## Description of the task
The lines below should be written out again in full, exactly as they are.

## Records supplied
• • • •

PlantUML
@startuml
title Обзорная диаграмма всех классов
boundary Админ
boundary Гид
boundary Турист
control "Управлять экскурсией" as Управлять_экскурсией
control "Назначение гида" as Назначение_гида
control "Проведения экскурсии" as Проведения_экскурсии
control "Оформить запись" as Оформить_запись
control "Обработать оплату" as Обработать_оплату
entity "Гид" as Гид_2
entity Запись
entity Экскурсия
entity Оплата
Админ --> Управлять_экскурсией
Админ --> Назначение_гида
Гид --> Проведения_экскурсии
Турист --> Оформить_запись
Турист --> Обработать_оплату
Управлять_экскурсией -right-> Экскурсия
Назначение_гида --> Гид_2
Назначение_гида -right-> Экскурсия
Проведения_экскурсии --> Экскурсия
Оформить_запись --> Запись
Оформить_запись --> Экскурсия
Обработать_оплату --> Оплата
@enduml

• • • •

## Response area
PlantUML
@startuml
title Обзорная диаграмма всех классов
boundary Админ
boundary Гид
boundary Турист
control "Управлять экскурсией" as Управлять_экскурсией
control "Назначение гида" as Назначение_гида
control "Проведения экскурсии" as Проведения_экскурсии
control "Оформить запись" as Оформить_запись
control "Обработать оплату" as Обработать_оплату
entity "Гид" as Гид_2
entity Запись
entity Экскурсия
entity Оплата
Админ --> Управлять_экскурсией
Админ --> Назначение_гида
Гид --> Проведения_экскурсии
Турист --> Оформить_запись
Турист --> Обработать_оплату
Управлять_экскурсией -right-> Экскурсия
Назначение_гида --> Гид_2
Назначение_гида -right-> Экскурсия
Проведения_экскурсии --> Экскурсия
Оформить_запись --> Запись
Оформить_запись --> Экскурсия
Обработать_оплату --> Оплата
@enduml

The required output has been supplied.